▶ _DATASET RECORDS_:
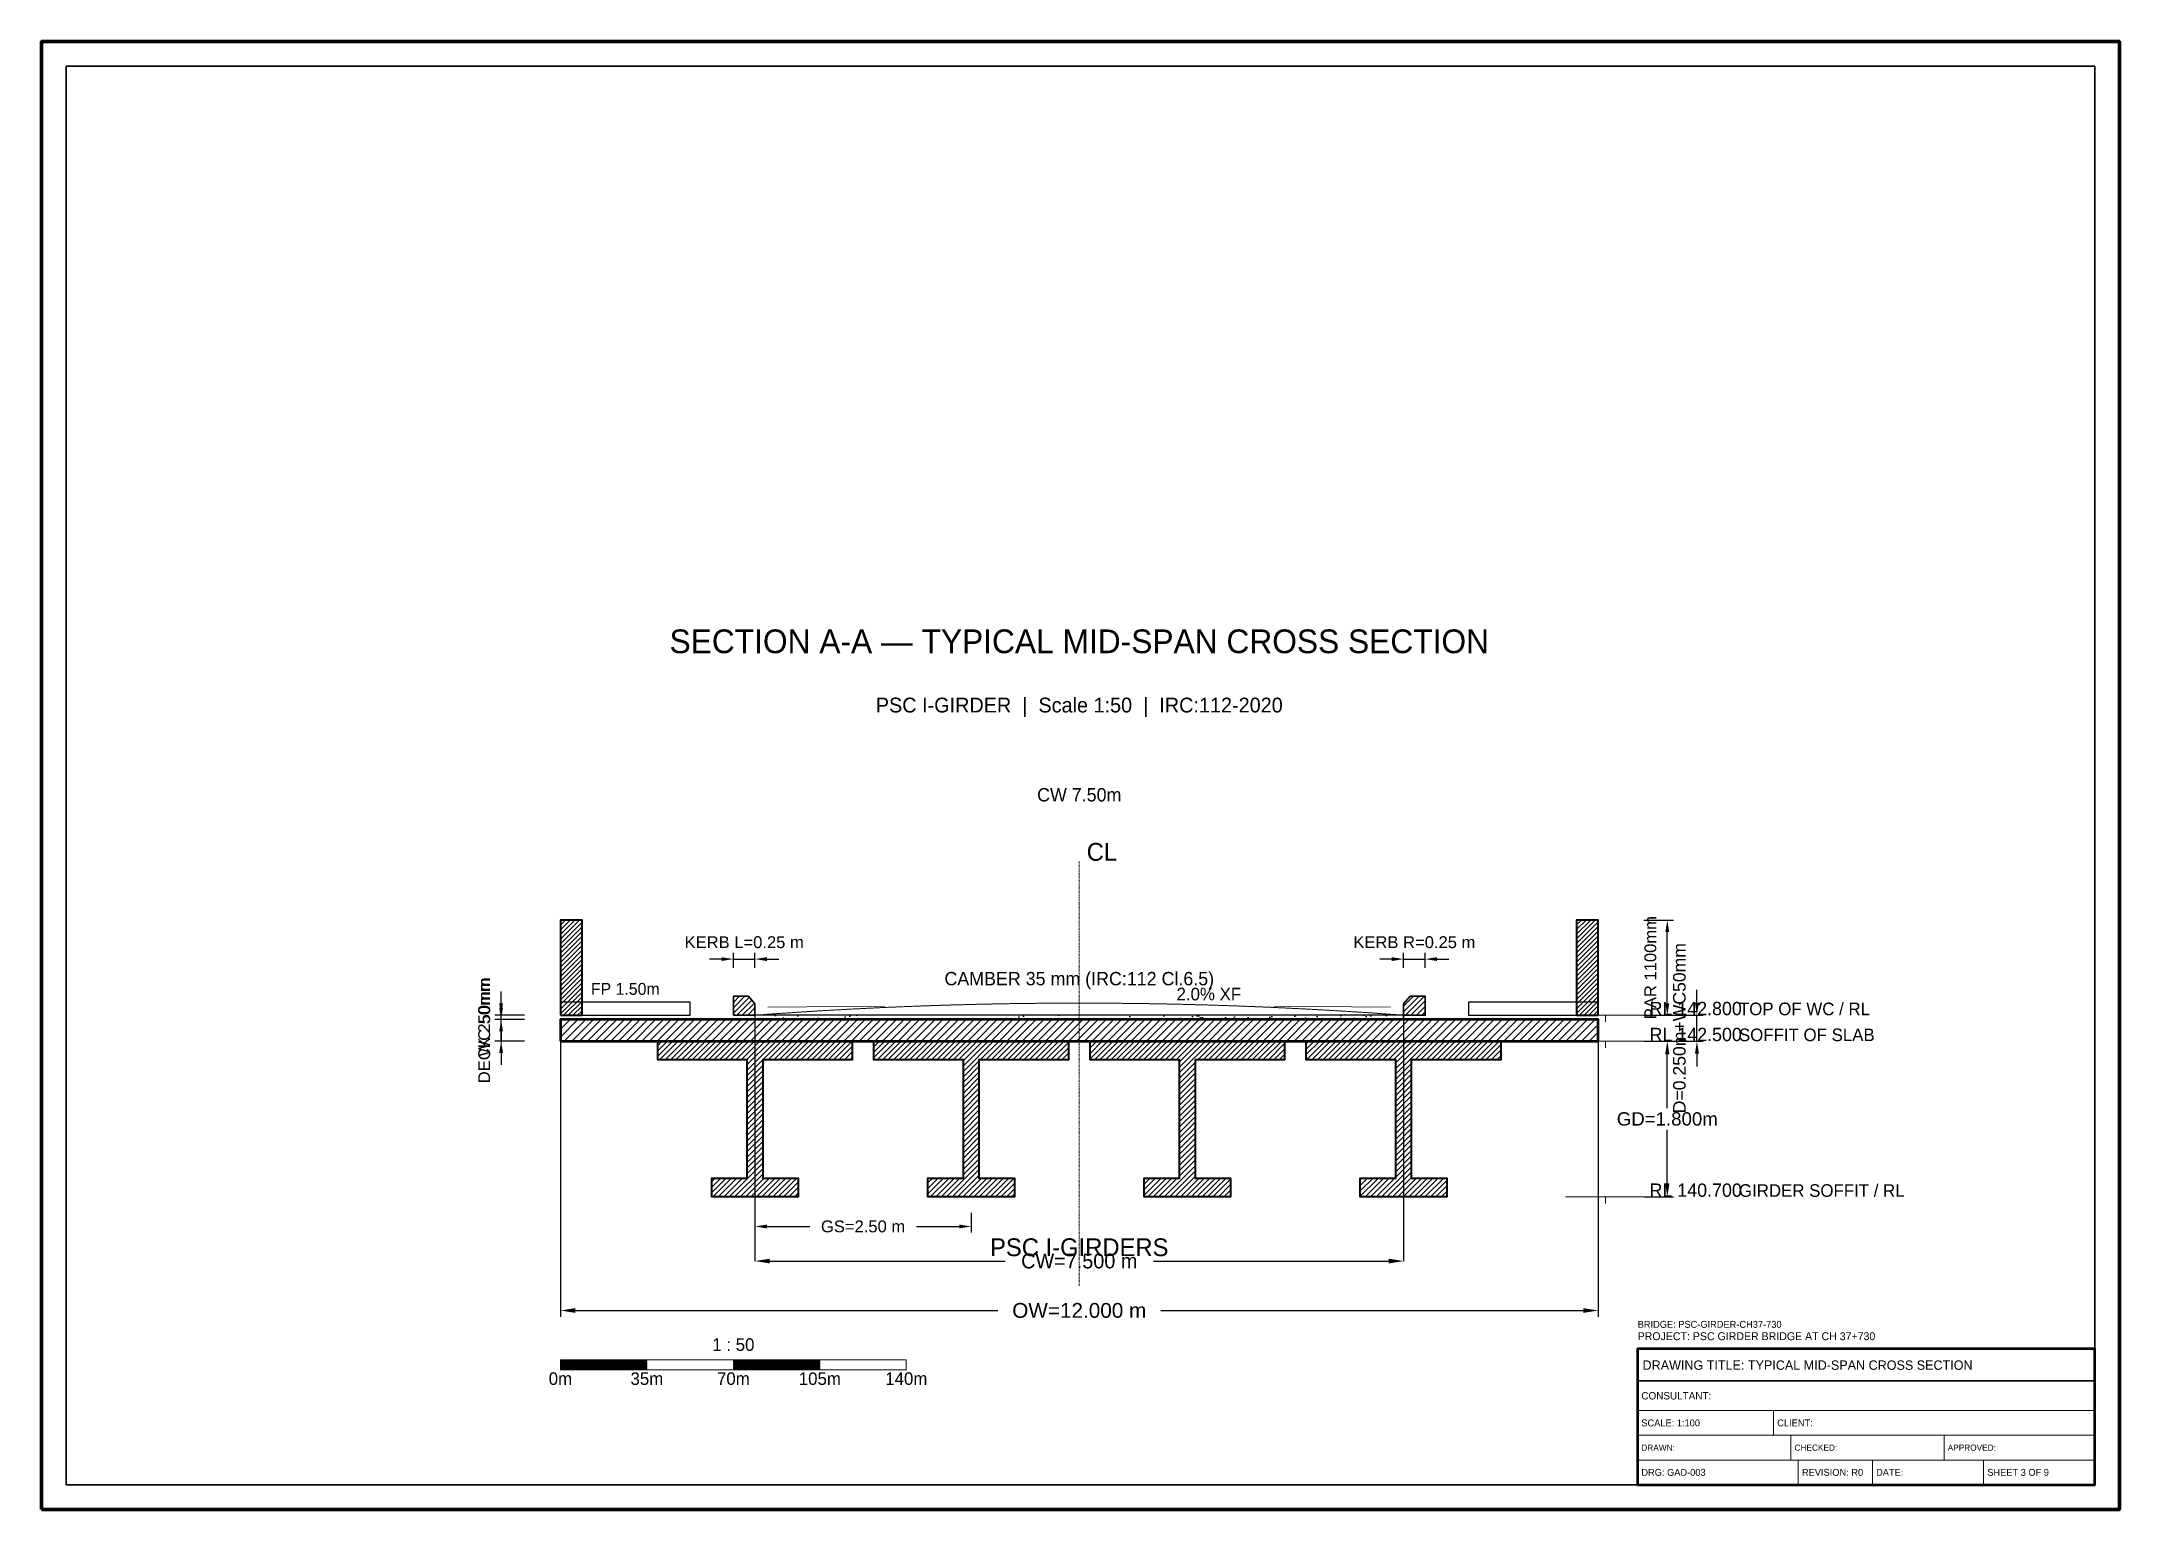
# Model space of a CAD drawing. Header units: metres. Extents: x 0 to 841, y 0 to 594.
import ezdxf
from ezdxf.enums import TextEntityAlignment as Align

# ---------------------------------------------------------------- set-up
doc = ezdxf.new("R2010")
doc.units = ezdxf.units.M
doc.linetypes.add('CENTER', pattern=[1.5, 0.75, -0.25, 0.25, -0.25])
doc.linetypes.add('DASHED', pattern=[0.5, 0.375, -0.125])
for name, color, linetype, lineweight in [('BORDER-INNER', 7, 'Continuous', 35), ('BORDER-OUTER', 7, 'Continuous', 70), ('DIM-LEVEL', 3, 'Continuous', 18), ('DIM-LINEAR', 3, 'Continuous', 18), ('DIM-SLOPE', 3, 'Continuous', 18), ('STRUC-CENTRE', 6, 'CENTER', 18), ('STRUC-HATCHING', 8, 'Continuous', 18), ('SUPER-CAMBER', 6, 'DASHED', 18), ('SUPER-DECK', 2, 'Continuous', 50), ('SUPER-FOOTPATH', 7, 'Continuous', 25), ('SUPER-GIRDER', 1, 'Continuous', 35), ('SUPER-KERB', 7, 'Continuous', 25), ('SUPER-PARAPET', 2, 'Continuous', 35), ('SUPER-WEARING', 8, 'Continuous', 25), ('SYM-SCALE', 7, 'Continuous', 13), ('TEXT-GENERAL', 7, 'Continuous', 18), ('TEXT-HEADER', 7, 'Continuous', 25), ('TEXT-LEVEL', 5, 'Continuous', 18), ('TEXT-SPEC', 7, 'Continuous', 13), ('TEXT-TITLE', 7, 'Continuous', 25), ('TITLEBLK-BOX', 7, 'Continuous', 50), ('TITLEBLK-TEXT', 7, 'Continuous', 18)]:
    doc.layers.add(name, color=color, linetype=linetype, lineweight=lineweight)
doc.styles.add('BRIDGE_STD', font='Arial.ttf')
doc.dimstyles.new('BRG_DIM', dxfattribs={"dimtxt": 0.006, "dimasz": 6, "dimexe": 1.25, "dimexo": 0.625, "dimtad": 1, "dimcen": 2.5, "dimazin": 3, "dimtfac": 1, "dimtmove": 0, "dimatfit": 3})
doc.dimstyles.new('pmb100', dxfattribs={"dimtxt": 2.5, "dimasz": 0.9375, "dimexe": 2.5, "dimexo": 2.5, "dimtad": 0, "dimtih": 1, "dimdec": 0, "dimtxsty": 'BRIDGE_STD', "dimcen": 2.5, "dimazin": 3, "dimtfac": 1, "dimtmove": 0, "dimatfit": 3})

# ---------------------------------------------------------------- blocks, each defined once
blk = doc.blocks.new('_CLOSEDFILLED')
at = {"color": 0, "linetype": 'BYBLOCK'}
blk.add_solid([(-1, 0.16), (0, 0), (-1, -0.16)], dxfattribs=at)
blk = doc.blocks.new('*D1')
for p, q in [((288.75, 200), (288.75, 100.5)), ((551.25, 200), (551.25, 100.5)), ((294.75, 100.5), (390, 100.5)), ((450, 100.5), (545.25, 100.5))]:
    blk.add_line(p, q)
at = {"layer": 'Defpoints'}
for p in [(288.75, 200), (551.25, 200), (288.75, 100.5)]:
    blk.add_point(p, dxfattribs=at)
at = {"layer": 'DIM-LINEAR', "xscale": 6, "yscale": 6, "rotation": 180}
blk.add_blockref('_CLOSEDFILLED', (288.75, 100.5), dxfattribs=at)
at = {"layer": 'DIM-LINEAR', "xscale": 6, "yscale": 6}
blk.add_blockref('_CLOSEDFILLED', (551.25, 100.5), dxfattribs=at)
at = {"layer": 'DIM-LINEAR', "color": 3, "insert": (420, 100.5), "char_height": 6, "attachment_point": 5}
blk.add_mtext('CW=7.500 m', dxfattribs=at)

msp = doc.modelspace()

# ---------------------------------------------------------------- hatches: boundary and pattern name
at = {"layer": 'STRUC-HATCHING'}
h = msp.add_hatch(dxfattribs=at)
h.set_pattern_fill('ANSI31', scale=0.42)
h.paths.add_polyline_path([(210, 200), (218.75, 200), (218.75, 238.5), (210, 238.5)])
h = msp.add_hatch(dxfattribs=at)
h.set_pattern_fill('ANSI31', scale=0.42)
h.paths.add_polyline_path([(621.25, 200), (630, 200), (630, 238.5), (621.25, 238.5)])
h = msp.add_hatch(dxfattribs=at)
h.set_pattern_fill('ANSI31', scale=0.49)
h.paths.add_polyline_path([(280, 200), (288.75, 200), (288.75, 204.62), (286.125, 207.7), (280, 207.7)])
h = msp.add_hatch(dxfattribs=at)
h.set_pattern_fill('ANSI31', scale=0.49)
h.paths.add_polyline_path([(551.25, 200), (560, 200), (560, 207.7), (553.875, 207.7), (551.25, 204.62)])
h = msp.add_hatch(dxfattribs=at)
h.set_pattern_fill('ANSI31', scale=0.7)
h.paths.add_polyline_path([(210, 189.5), (630, 189.5), (630, 198.25), (210, 198.25)])
h = msp.add_hatch(dxfattribs=at)
h.set_pattern_fill('ANSI31', scale=0.49)
h.paths.add_polyline_path([(249.375, 189.5), (328.125, 189.5), (328.125, 181.94), (291.9, 181.94), (291.9, 134.06), (306.25, 134.06), (306.25, 126.5), (271.25, 126.5), (271.25, 134.06), (285.6, 134.06), (285.6, 181.94), (249.375, 181.94)])
h = msp.add_hatch(dxfattribs=at)
h.set_pattern_fill('ANSI31', scale=0.49)
h.paths.add_polyline_path([(336.875, 189.5), (415.625, 189.5), (415.625, 181.94), (379.4, 181.94), (379.4, 134.06), (393.75, 134.06), (393.75, 126.5), (358.75, 126.5), (358.75, 134.06), (373.1, 134.06), (373.1, 181.94), (336.875, 181.94)])
h = msp.add_hatch(dxfattribs=at)
h.set_pattern_fill('ANSI31', scale=0.49)
h.paths.add_polyline_path([(424.375, 189.5), (503.125, 189.5), (503.125, 181.94), (466.9, 181.94), (466.9, 134.06), (481.25, 134.06), (481.25, 126.5), (446.25, 126.5), (446.25, 134.06), (460.6, 134.06), (460.6, 181.94), (424.375, 181.94)])
h = msp.add_hatch(dxfattribs=at)
h.set_pattern_fill('ANSI31', scale=0.49)
h.paths.add_polyline_path([(511.875, 189.5), (590.625, 189.5), (590.625, 181.94), (554.4, 181.94), (554.4, 134.06), (568.75, 134.06), (568.75, 126.5), (533.75, 126.5), (533.75, 134.06), (548.1, 134.06), (548.1, 181.94), (511.875, 181.94)])
at = {"layer": 'SUPER-WEARING'}
h = msp.add_hatch(dxfattribs=at)
h.set_pattern_fill('AR-SAND', scale=0.14)
h.paths.add_polyline_path([(288.75, 198.25), (551.25, 198.25), (551.25, 200), (288.75, 200)])
at = {"layer": 'SYM-SCALE'}
h = msp.add_hatch(dxfattribs=at)
h.set_pattern_fill('SOLID')
h.paths.add_polyline_path([(210, 56.5), (245, 56.5), (245, 60.58), (210, 60.58)])
h = msp.add_hatch(dxfattribs=at)
h.set_pattern_fill('SOLID')
h.paths.add_polyline_path([(280, 56.5), (315, 56.5), (315, 60.58), (280, 60.58)])

# ---------------------------------------------------------------- linework, layer by layer
at = {"layer": 'BORDER-INNER'}
msp.add_lwpolyline([(10, 10), (831, 10), (831, 584), (10, 584), (10, 10)], dxfattribs=at)
at = {"layer": 'BORDER-OUTER'}
msp.add_lwpolyline([(0, 0), (841, 0), (841, 594), (0, 594), (0, 0)], dxfattribs=at)
at = {"layer": 'DIM-LEVEL'}
for p, q in [((616.8, 200), (649.2, 200)), ((633, 200), (633, 197.3)), ((616.8, 189.5), (649.2, 189.5)), ((633, 189.5), (633, 186.8)), ((616.8, 126.5), (649.2, 126.5)), ((633, 126.5), (633, 123.8))]:
    msp.add_line(p, q, dxfattribs=at)
at = {"layer": 'DIM-SLOPE', "color": 3}
for p, q in [((341.25, 203.675), (294, 203.203)), ((498.75, 203.675), (546, 203.203))]:
    msp.add_line(p, q, dxfattribs=at)
at = {"layer": 'STRUC-CENTRE'}
msp.add_line((420, 90.5), (420, 262.5), dxfattribs=at)
at = {"layer": 'SUPER-CAMBER', "color": 6}
msp.add_lwpolyline([(288.75, 200), (301.875, 200.931), (315, 201.764), (328.125, 202.499), (341.25, 203.136), (354.375, 203.675), (367.5, 204.116), (380.625, 204.459), (393.75, 204.704), (406.875, 204.851), (420, 204.9), (433.125, 204.851), (446.25, 204.704), (459.375, 204.459), (472.5, 204.116), (485.625, 203.675), (498.75, 203.136), (511.875, 202.499), (525, 201.764), (538.125, 200.931), (551.25, 200)], dxfattribs=at)
at = {"layer": 'SUPER-DECK', "lineweight": 50}
msp.add_lwpolyline([(210, 189.5), (630, 189.5), (630, 198.25), (210, 198.25), (210, 189.5)], dxfattribs=at)
at = {"layer": 'SUPER-FOOTPATH', "lineweight": 25}
for points in [[(210, 200), (262.5, 200), (262.5, 205.25), (210, 205.25), (210, 200)], [(577.5, 200), (630, 200), (630, 205.25), (577.5, 205.25), (577.5, 200)]]:
    msp.add_lwpolyline(points, dxfattribs=at)
at = {"layer": 'SUPER-GIRDER', "lineweight": 40}
for points in [[(249.375, 189.5), (328.125, 189.5), (328.125, 181.94), (291.9, 181.94), (291.9, 134.06), (306.25, 134.06), (306.25, 126.5), (271.25, 126.5), (271.25, 134.06), (285.6, 134.06), (285.6, 181.94), (249.375, 181.94), (249.375, 189.5)], [(336.875, 189.5), (415.625, 189.5), (415.625, 181.94), (379.4, 181.94), (379.4, 134.06), (393.75, 134.06), (393.75, 126.5), (358.75, 126.5), (358.75, 134.06), (373.1, 134.06), (373.1, 181.94), (336.875, 181.94), (336.875, 189.5)], [(424.375, 189.5), (503.125, 189.5), (503.125, 181.94), (466.9, 181.94), (466.9, 134.06), (481.25, 134.06), (481.25, 126.5), (446.25, 126.5), (446.25, 134.06), (460.6, 134.06), (460.6, 181.94), (424.375, 181.94), (424.375, 189.5)], [(511.875, 189.5), (590.625, 189.5), (590.625, 181.94), (554.4, 181.94), (554.4, 134.06), (568.75, 134.06), (568.75, 126.5), (533.75, 126.5), (533.75, 134.06), (548.1, 134.06), (548.1, 181.94), (511.875, 181.94), (511.875, 189.5)]]:
    msp.add_lwpolyline(points, dxfattribs=at)
at = {"layer": 'SUPER-KERB', "lineweight": 35}
for points in [[(280, 200), (288.75, 200), (288.75, 204.62), (286.125, 207.7), (280, 207.7), (280, 200)], [(551.25, 200), (560, 200), (560, 207.7), (553.875, 207.7), (551.25, 204.62), (551.25, 200)]]:
    msp.add_lwpolyline(points, dxfattribs=at)
at = {"layer": 'SUPER-PARAPET', "lineweight": 40}
for points in [[(210, 200), (218.75, 200), (218.75, 238.5), (210, 238.5), (210, 200)], [(621.25, 200), (630, 200), (630, 238.5), (621.25, 238.5), (621.25, 200)]]:
    msp.add_lwpolyline(points, dxfattribs=at)
at = {"layer": 'SUPER-WEARING'}
msp.add_lwpolyline([(288.75, 198.25), (551.25, 198.25), (551.25, 200), (288.75, 200), (288.75, 198.25)], dxfattribs=at)
at = {"layer": 'SYM-SCALE'}
msp.add_lwpolyline([(210, 56.5), (350, 56.5), (350, 60.58), (210, 60.58), (210, 56.5)], dxfattribs=at)
at = {"layer": 'TITLEBLK-BOX', "lineweight": 50}
msp.add_lwpolyline([(646, 10), (831, 10), (831, 65), (646, 65), (646, 10)], dxfattribs=at)
at = {"layer": 'TITLEBLK-BOX', "lineweight": 30}
msp.add_lwpolyline([(646, 52), (831, 52), (831, 65), (646, 65), (646, 52)], dxfattribs=at)
at = {"layer": 'TITLEBLK-BOX', "lineweight": 18}
for points in [[(646, 40), (831, 40), (831, 52), (646, 52), (646, 40)], [(646, 30), (701, 30), (701, 40), (646, 40), (646, 30)], [(701, 30), (831, 30), (831, 40), (701, 40), (701, 30)], [(646, 20), (708, 20), (708, 30), (646, 30), (646, 20)], [(708, 20), (770, 20), (770, 30), (708, 30), (708, 20)], [(770, 20), (831, 20), (831, 30), (770, 30), (770, 20)], [(646, 10), (711, 10), (711, 20), (646, 20), (646, 10)], [(711, 10), (741, 10), (741, 20), (711, 20), (711, 10)], [(741, 10), (786, 10), (786, 20), (741, 20), (741, 10)], [(786, 10), (831, 10), (831, 20), (786, 20), (786, 10)]]:
    msp.add_lwpolyline(points, dxfattribs=at)

# ---------------------------------------------------------------- texts
at = {"layer": 'DIM-SLOPE', "color": 3}
msp.add_text('2.0% XF', height=5.1, dxfattribs=at).set_placement((459.375, 206))
at = {"layer": 'STRUC-CENTRE'}
msp.add_text('CL', height=7.2, dxfattribs=at).set_placement((423, 262.5))
at = {"layer": 'SUPER-CAMBER', "color": 6}
msp.add_text('CAMBER 35 mm (IRC:112 Cl.6.5)', height=5.4, dxfattribs=at).set_placement((420, 212.1), align=Align.CENTER)
at = {"layer": 'TEXT-GENERAL'}
for s, height, p in [('CW 7.50m', 5.4, (420, 286.5)), ('FP 1.50m', 4.8, (236.25, 208.25)), ('PSC I-GIRDERS', 7.2, (420, 102.5)), ('1 : 50', 5.1, (280, 64.15)), ('0m', 5.1, (210, 50.38)), ('35m', 5.1, (245, 50.38)), ('70m', 5.1, (280, 50.38)), ('105m', 5.1, (315, 50.38)), ('140m', 5.1, (350, 50.38))]:
    msp.add_text(s, height=height, dxfattribs=at).set_placement(p, align=Align.CENTER)
at = {"layer": 'TEXT-HEADER'}
msp.add_text('SECTION A-A — TYPICAL MID-SPAN CROSS SECTION', height=9.6, dxfattribs=at).set_placement((420, 346.5), align=Align.CENTER)
at = {"layer": 'TEXT-LEVEL'}
for s, height, p in [('RL 142.800', 5.4, (650.82, 200)), ('TOP OF WC / RL', 5.1, (687, 200)), ('RL 142.500', 5.4, (650.82, 189.5)), ('SOFFIT OF SLAB', 5.1, (687, 189.5)), ('RL 140.700', 5.4, (650.82, 126.5)), ('GIRDER SOFFIT / RL', 5.1, (687, 126.5))]:
    msp.add_text(s, height=height, dxfattribs=at).set_placement(p)
at = {"layer": 'TEXT-SPEC'}
msp.add_text('PSC I-GIRDER  |  Scale 1:50  |  IRC:112-2020', height=6, dxfattribs=at).set_placement((420, 322.5), align=Align.CENTER)
at = {"layer": 'TEXT-TITLE'}
for s, height, p in [('PROJECT: PSC GIRDER BRIDGE AT CH 37+730', 3.2, (646, 68.5)), ('DRAWING TITLE: TYPICAL MID-SPAN CROSS SECTION', 3.8, (648, 56.5))]:
    msp.add_text(s, height=height, dxfattribs=at).set_placement(p)
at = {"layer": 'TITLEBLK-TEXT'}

▶ _TASK STATEMENT_: Copy each line holding "LEVEL" from the material above.

▶ _WRITTEN SOLUTION_:
for name, color, linetype, lineweight in [('BORDER-INNER', 7, 'Continuous', 35), ('BORDER-OUTER', 7, 'Continuous', 70), ('DIM-LEVEL', 3, 'Continuous', 18), ('DIM-LINEAR', 3, 'Continuous', 18), ('DIM-SLOPE', 3, 'Continuous', 18), ('STRUC-CENTRE', 6, 'CENTER', 18), ('STRUC-HATCHING', 8, 'Continuous', 18), ('SUPER-CAMBER', 6, 'DASHED', 18), ('SUPER-DECK', 2, 'Continuous', 50), ('SUPER-FOOTPATH', 7, 'Continuous', 25), ('SUPER-GIRDER', 1, 'Continuous', 35), ('SUPER-KERB', 7, 'Continuous', 25), ('SUPER-PARAPET', 2, 'Continuous', 35), ('SUPER-WEARING', 8, 'Continuous', 25), ('SYM-SCALE', 7, 'Continuous', 13), ('TEXT-GENERAL', 7, 'Continuous', 18), ('TEXT-HEADER', 7, 'Continuous', 25), ('TEXT-LEVEL', 5, 'Continuous', 18), ('TEXT-SPEC', 7, 'Continuous', 13), ('TEXT-TITLE', 7, 'Continuous', 25), ('TITLEBLK-BOX', 7, 'Continuous', 50), ('TITLEBLK-TEXT', 7, 'Continuous', 18)]:
at = {"layer": 'DIM-LEVEL'}
at = {"layer": 'TEXT-LEVEL'}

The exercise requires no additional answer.